Elaine is a TypeScript library designed for crafting chatbots and conversational interfaces on Node and Edge runtimes, leveraging the OpenAI Chat Completion API.
This project aims to cover a wide spectrum of requirements. While beginners should find it easy and straightforward, seasoned developers should also benefit from its sophisticated features.
- Stream-first: Embracing a stream-first approach ensures that Elaine is incredibly efficient and scalable, especially in modern Edge/v8 environments.
- Function integration out of the box: Effortlessly register functions for the bot, amplifying its capabilities. This seamless integration comes complete with built-in typing and validation.
- Conversation history: Automatic conversation history management right out of the box, storing interactions in-memory for quick access. You can also integrate it with your custom message store.
$ npm i elaine
// bot.mjs
import elaine from "elaine";
const bot = elaine();
const response = await bot.read("Write some story about a cat in just 3 sentences.");
const text = await response.text();
console.log(text);
$ OPENAI_API_KEY=<your key> node bot.mjs
Once upon a time, a curious tabby cat named Whiskers set out on an adventure through the bustling city streets. As he wandered from alley to alley, he encountered friendly shopkeepers, playful children, and even a mischievous squirrel that led him on a chase. Exhausted but content, Whiskers finally returned home, his heart filled with the unforgettable tales of his feline escapade.

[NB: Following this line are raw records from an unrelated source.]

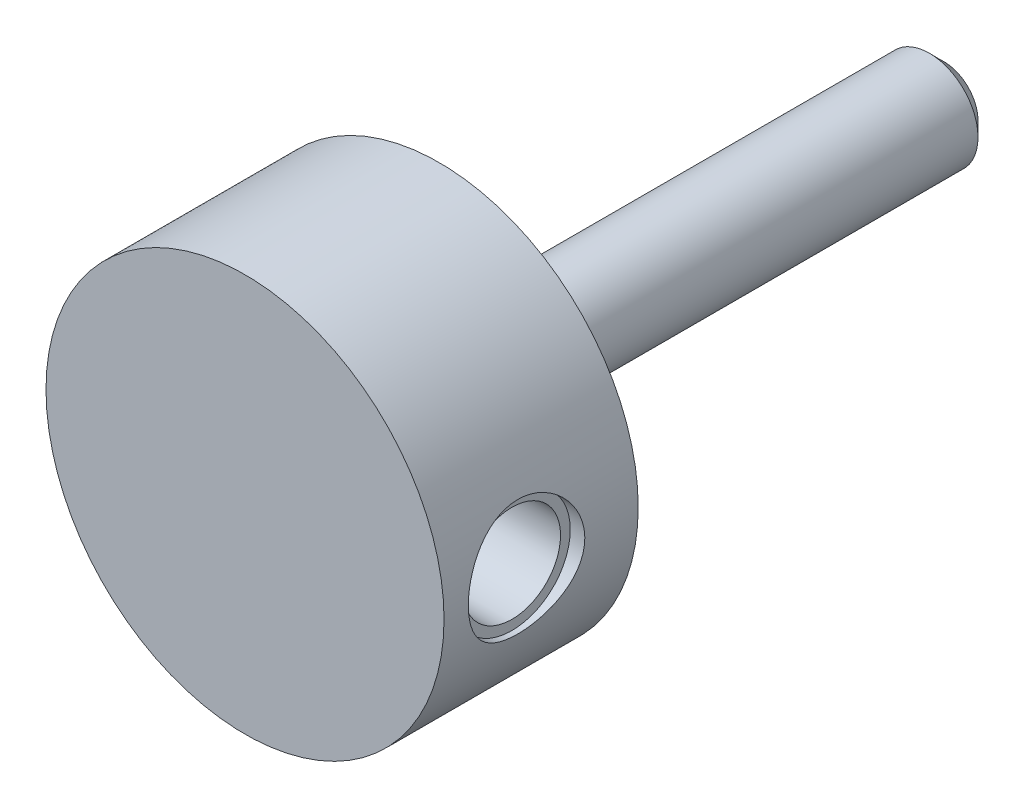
ISO-10303-21;
HEADER;
FILE_DESCRIPTION(('STEP AP214'),'2;1');
FILE_NAME('part.step','',(''),(''),'','','');
FILE_SCHEMA(('AUTOMOTIVE_DESIGN { 1 0 10303 214 1 1 1 1 }'));
ENDSEC;
DATA;
#1=APPLICATION_CONTEXT('core data for automotive mechanical design processes');
#2=APPLICATION_PROTOCOL_DEFINITION('international standard','automotive_design',2000,#1);
#3=PRODUCT_CONTEXT('',#1,'mechanical');
#4=PRODUCT('Part','Part','',(#3));
#5=PRODUCT_RELATED_PRODUCT_CATEGORY('part','',(#4));
#6=PRODUCT_DEFINITION_FORMATION('','',#4);
#7=PRODUCT_DEFINITION_CONTEXT('part definition',#1,'design');
#8=PRODUCT_DEFINITION('design','',#6,#7);
#9=PRODUCT_DEFINITION_SHAPE('','',#8);
#10=(LENGTH_UNIT() NAMED_UNIT(*) SI_UNIT(.MILLI.,.METRE.));
#11=(NAMED_UNIT(*) PLANE_ANGLE_UNIT() SI_UNIT($,.RADIAN.));
#12=(NAMED_UNIT(*) SI_UNIT($,.STERADIAN.) SOLID_ANGLE_UNIT());
#13=UNCERTAINTY_MEASURE_WITH_UNIT(LENGTH_MEASURE(1.E-05),#10,'distance_accuracy_value','');
#14=(GEOMETRIC_REPRESENTATION_CONTEXT(3) GLOBAL_UNCERTAINTY_ASSIGNED_CONTEXT((#13)) GLOBAL_UNIT_ASSIGNED_CONTEXT((#10,
#11,#12)) REPRESENTATION_CONTEXT('',''));
#15=CARTESIAN_POINT('',(0.,0.,0.));
#16=DIRECTION('',(0.,0.,1.));
#17=DIRECTION('',(1.,0.,0.));
#18=AXIS2_PLACEMENT_3D('',#15,#16,#17);
#19=CARTESIAN_POINT('',(0.,0.,0.));
#20=DIRECTION('',(0.,0.,1.));
#21=DIRECTION('',(1.,0.,0.));
#22=AXIS2_PLACEMENT_3D('',#19,#20,#21);
#23=PLANE('',#22);
#24=CARTESIAN_POINT('',(0.,0.,0.));
#25=DIRECTION('',(0.,0.,1.));
#26=DIRECTION('',(1.,0.,0.));
#27=AXIS2_PLACEMENT_3D('',#24,#25,#26);
#28=CIRCLE('',#27,9.5);
#29=CARTESIAN_POINT('',(9.5,0.,0.));
#30=VERTEX_POINT('',#29);
#31=EDGE_CURVE('E27',#30,#30,#28,.T.);
#32=ORIENTED_EDGE('',*,*,#31,.F.);
#33=EDGE_LOOP('',(#32));
#34=FACE_BOUND('',#33,.T.);
#35=CARTESIAN_POINT('',(0.,0.,0.));
#36=DIRECTION('',(0.,0.,1.));
#37=DIRECTION('',(1.,0.,0.));
#38=AXIS2_PLACEMENT_3D('',#35,#36,#37);
#39=CIRCLE('',#38,5.);
#40=CARTESIAN_POINT('',(5.,0.,0.));
#41=VERTEX_POINT('',#40);
#42=EDGE_CURVE('E23',#41,#41,#39,.F.);
#43=ORIENTED_EDGE('',*,*,#42,.F.);
#44=EDGE_LOOP('',(#43));
#45=FACE_BOUND('',#44,.T.);
#46=ADVANCED_FACE('F12',(#34,#45),#23,.F.);
#47=CARTESIAN_POINT('',(0.,0.,40.));
#48=DIRECTION('',(0.,0.,1.));
#49=DIRECTION('',(1.,0.,0.));
#50=AXIS2_PLACEMENT_3D('',#47,#48,#49);
#51=CYLINDRICAL_SURFACE('',#50,9.5);
#52=CARTESIAN_POINT('',(0.,0.,2.));
#53=DIRECTION('',(0.,0.,1.));
#54=DIRECTION('',(1.,0.,0.));
#55=AXIS2_PLACEMENT_3D('',#52,#53,#54);
#56=CIRCLE('',#55,9.5);
#57=CARTESIAN_POINT('',(9.5,0.,2.));
#58=VERTEX_POINT('',#57);
#59=EDGE_CURVE('E38',#58,#58,#56,.T.);
#60=ORIENTED_EDGE('',*,*,#59,.F.);
#61=EDGE_LOOP('',(#60));
#62=FACE_BOUND('',#61,.T.);
#63=ORIENTED_EDGE('',*,*,#31,.T.);
#64=EDGE_LOOP('',(#63));
#65=FACE_BOUND('',#64,.T.);
#66=ADVANCED_FACE('F65',(#62,#65),#51,.T.);
#67=CARTESIAN_POINT('',(20.5,0.,22.));
#68=DIRECTION('',(0.,0.,-1.));
#69=DIRECTION('',(-1.,0.,0.));
#70=AXIS2_PLACEMENT_3D('',#67,#68,#69);
#71=PLANE('',#70);
#72=CARTESIAN_POINT('',(0.,0.,22.));
#73=DIRECTION('',(0.,0.,1.));
#74=DIRECTION('',(1.,0.,0.));
#75=AXIS2_PLACEMENT_3D('',#72,#73,#74);
#76=CIRCLE('',#75,20.5);
#77=CARTESIAN_POINT('',(20.5,0.,22.));
#78=VERTEX_POINT('',#77);
#79=EDGE_CURVE('E82',#78,#78,#76,.T.);
#80=ORIENTED_EDGE('',*,*,#79,.T.);
#81=EDGE_LOOP('',(#80));
#82=FACE_BOUND('',#81,.T.);
#83=ADVANCED_FACE('F60',(#82),#71,.F.);
#84=CARTESIAN_POINT('',(0.,0.,40.));
#85=DIRECTION('',(0.,0.,1.));
#86=DIRECTION('',(1.,0.,0.));
#87=AXIS2_PLACEMENT_3D('',#84,#85,#86);
#88=CYLINDRICAL_SURFACE('',#87,20.5);
#89=CARTESIAN_POINT('',(20.5,0.,7.5));
#90=CARTESIAN_POINT('',(20.4999997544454,-0.164768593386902,7.50000038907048));
#91=CARTESIAN_POINT('',(20.4980087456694,-0.329544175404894,7.50679278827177));
#92=CARTESIAN_POINT('',(20.4900990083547,-0.65788822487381,7.5339021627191));
#93=CARTESIAN_POINT('',(20.4841800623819,-0.821456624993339,7.55421988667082));
#94=CARTESIAN_POINT('',(20.4685766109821,-1.1462122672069,7.60820100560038));
#95=CARTESIAN_POINT('',(20.4588916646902,-1.30739922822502,7.64186596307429));
#96=CARTESIAN_POINT('',(20.4360164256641,-1.62628314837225,7.72226244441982));
#97=CARTESIAN_POINT('',(20.4228249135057,-1.7839788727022,7.76899851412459));
#98=CARTESIAN_POINT('',(20.3933182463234,-2.09448185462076,7.87505403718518));
#99=CARTESIAN_POINT('',(20.3770082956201,-2.24729676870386,7.93435254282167));
#100=CARTESIAN_POINT('',(20.3416823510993,-2.54730770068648,8.06511256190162));
#101=CARTESIAN_POINT('',(20.3226662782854,-2.69450355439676,8.13657443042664));
#102=CARTESIAN_POINT('',(20.2824208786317,-2.98237032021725,8.2911456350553));
#103=CARTESIAN_POINT('',(20.2611910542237,-3.123039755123,8.37425759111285));
#104=CARTESIAN_POINT('',(20.2170775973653,-3.39691169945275,8.55150630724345));
#105=CARTESIAN_POINT('',(20.1941944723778,-3.53011647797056,8.6456396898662));
#106=CARTESIAN_POINT('',(20.146767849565,-3.79154794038,8.84682399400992));
#107=CARTESIAN_POINT('',(20.1221971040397,-3.91956600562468,8.95413966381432));
#108=CARTESIAN_POINT('',(20.0725990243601,-4.1661228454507,9.17897611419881));
#109=CARTESIAN_POINT('',(20.0475718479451,-4.2846648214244,9.29649342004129));
#110=CARTESIAN_POINT('',(19.9977175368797,-4.5116297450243,9.54108035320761));
#111=CARTESIAN_POINT('',(19.9728905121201,-4.62004743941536,9.66815487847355));
#112=CARTESIAN_POINT('',(19.9241410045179,-4.82595045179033,9.93095842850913));
#113=CARTESIAN_POINT('',(19.9002181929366,-4.92343976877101,10.0666842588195));
#114=CARTESIAN_POINT('',(19.8534354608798,-5.10885934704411,10.3490171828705));
#115=CARTESIAN_POINT('',(19.8306098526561,-5.19653638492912,10.4957964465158));
#116=CARTESIAN_POINT('',(19.7872868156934,-5.35913808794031,10.7965125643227));
#117=CARTESIAN_POINT('',(19.766788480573,-5.43406772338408,10.9504465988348));
#118=CARTESIAN_POINT('',(19.7287391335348,-5.57062666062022,11.2645036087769));
#119=CARTESIAN_POINT('',(19.7111887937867,-5.63225293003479,11.4246279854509));
#120=CARTESIAN_POINT('',(19.6796082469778,-5.74162541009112,11.7498143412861));
#121=CARTESIAN_POINT('',(19.6655765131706,-5.78937764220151,11.9148741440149));
#122=CARTESIAN_POINT('',(19.6418018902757,-5.86952471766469,12.2443484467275));
#123=CARTESIAN_POINT('',(19.6319555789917,-5.90229162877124,12.4086649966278));
#124=CARTESIAN_POINT('',(19.6163432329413,-5.95397424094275,12.7395899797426));
#125=CARTESIAN_POINT('',(19.6105755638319,-5.97289549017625,12.9061974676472));
#126=CARTESIAN_POINT('',(19.603301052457,-5.99672775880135,13.2405034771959));
#127=CARTESIAN_POINT('',(19.6017941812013,-6.00163887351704,13.4082019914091));
#128=CARTESIAN_POINT('',(19.6030905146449,-5.99740342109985,13.7434027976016));
#129=CARTESIAN_POINT('',(19.6058936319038,-5.98825713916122,13.9109050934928));
#130=CARTESIAN_POINT('',(19.6155486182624,-5.95655212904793,14.238688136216));
#131=CARTESIAN_POINT('',(19.6222578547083,-5.9344657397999,14.3990190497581));
#132=CARTESIAN_POINT('',(19.6394095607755,-5.87745500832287,14.7172343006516));
#133=CARTESIAN_POINT('',(19.649853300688,-5.84252629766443,14.8751177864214));
#134=CARTESIAN_POINT('',(19.6741615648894,-5.7601395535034,15.187257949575));
#135=CARTESIAN_POINT('',(19.688025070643,-5.71268525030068,15.3415156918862));
#136=CARTESIAN_POINT('',(19.7187796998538,-5.60560692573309,15.6454959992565));
#137=CARTESIAN_POINT('',(19.7356719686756,-5.5459782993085,15.7952168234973));
#138=CARTESIAN_POINT('',(19.7722410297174,-5.41416819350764,16.0910079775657));
#139=CARTESIAN_POINT('',(19.7919506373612,-5.34183608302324,16.2370072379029));
#140=CARTESIAN_POINT('',(19.8334359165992,-5.18568691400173,16.5224423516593));
#141=CARTESIAN_POINT('',(19.8552123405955,-5.10186566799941,16.6618757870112));
#142=CARTESIAN_POINT('',(19.9227548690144,-4.8340177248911,17.0689782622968));
#143=CARTESIAN_POINT('',(19.9707648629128,-4.63350124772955,17.3256854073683));
#144=CARTESIAN_POINT('',(20.0696162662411,-4.18511260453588,17.8126329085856));
#145=CARTESIAN_POINT('',(20.1204944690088,-3.93567819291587,18.0414205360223));
#146=CARTESIAN_POINT('',(20.2176813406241,-3.40132203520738,18.4542852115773));
#147=CARTESIAN_POINT('',(20.2639897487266,-3.11639826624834,18.63835970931));
#148=CARTESIAN_POINT('',(20.3472018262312,-2.51664006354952,18.9573414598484));
#149=CARTESIAN_POINT('',(20.3840462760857,-2.2016334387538,19.0919412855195));
#150=CARTESIAN_POINT('',(20.4437541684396,-1.55212614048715,19.3058343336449));
#151=CARTESIAN_POINT('',(20.4666213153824,-1.21763065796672,19.3851422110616));
#152=CARTESIAN_POINT('',(20.4952175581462,-0.550953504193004,19.4838192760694));
#153=CARTESIAN_POINT('',(20.5015074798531,-0.219085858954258,19.5051506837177));
#154=CARTESIAN_POINT('',(20.4978783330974,0.44350281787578,19.4927506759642));
#155=CARTESIAN_POINT('',(20.4879613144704,0.774223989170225,19.4590262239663));
#156=CARTESIAN_POINT('',(20.4533992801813,1.41781519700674,19.3390673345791));
#157=CARTESIAN_POINT('',(20.4290727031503,1.73091547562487,19.253967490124));
#158=CARTESIAN_POINT('',(20.3684901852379,2.33834273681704,19.0350155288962));
#159=CARTESIAN_POINT('',(20.3322328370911,2.63266749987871,18.901157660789));
#160=CARTESIAN_POINT('',(20.2505580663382,3.201467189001,18.585163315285));
#161=CARTESIAN_POINT('',(20.2049537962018,3.47535043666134,18.4020133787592));
#162=CARTESIAN_POINT('',(20.1098009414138,3.98926947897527,17.9937010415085));
#163=CARTESIAN_POINT('',(20.0602514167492,4.22929716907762,17.7685286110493));
#164=CARTESIAN_POINT('',(19.9860369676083,4.56311282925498,17.3996018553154));
#165=CARTESIAN_POINT('',(19.9608943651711,4.67160496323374,17.2689475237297));
#166=CARTESIAN_POINT('',(19.9116554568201,4.87720494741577,16.9988051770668));
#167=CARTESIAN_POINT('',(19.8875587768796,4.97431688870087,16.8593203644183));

Elaine returns a stream by default.
const bot = elaine();
const response = await bot.read("Hello!");
for await (const chunk of response) {
process.stdout.write(chunk);
}
Elaine makes it easy to use functions:
import { z } from "zod";
bot.function({
name: "GetTemperature",
description: "Get the current temperature in the given location",
schema: z.object({ location: z.string() }),
onCall: ({ location }) => "25C",
});
const response = await bot.read("Is it too hot in Miami right now?");
console.log(await response.text());
// The current temperature in Miami is 25°C
Elaine has in-memory conversation history out of the box.
let response = await bot.read("Hello, what's my name?");
console.log(await response.text());
// I'm sorry, but I am an AI language model and I do not have access to personal information.
response = await bot.read("My name is Luis");
console.log(await response.text());
// Hello Luis! How can I assist you today?
response = await bot.read("What's my name?");
console.log(await response.text());
// Your name is Luis.
You can configure your own message store:
import { MessageStore } from "elaine";
class DbMessageStore implements MessageStore {
async add(message: ChatCompletionMessage): Promise<void> {
// save the message to db
}
async get(): Promise<ChatCompletionMessage[]> {
// get all messages from db
}
async clear(): Promise<void> {
// delete all messages from db
}
}
const bot = elaine({
messageStore: new DbMessageStore(),
});
import { Temperature } from "elaine";
import { createWriteStream } from "node:fs";
import { Readable } from "node:stream";
const bot = elaine({
model: "gpt-3.5-turbo-16k",
instructions:
"Write the title of the given document, summarize it and give your opinion about it.",
temperature: Temperature.Consistent,
});
const article = await fetch("https://uist.acm.org/uist2002/files/SOSPadvice.txt");
const summary = await bot.read(await article.text());
const outputFile = createWriteStream("summarized.txt");
await Readable.from(summary).pipe(outputFile);
Useful for advanced customizations or for unit testing:
import { OpenAI } from "openai";
const client = new OpenAI();
const bot = elaine({
client,
params: {
max_tokens: 20,
},
});
const response = await bot.talk();
for await (const chunk of response) {
process.stdout.write(chunk);
}
You can check full code of the above examples and more in the ./examples directory.
The source code for the site is licensed under the MIT license, which you can find in the LICENSE.txt file.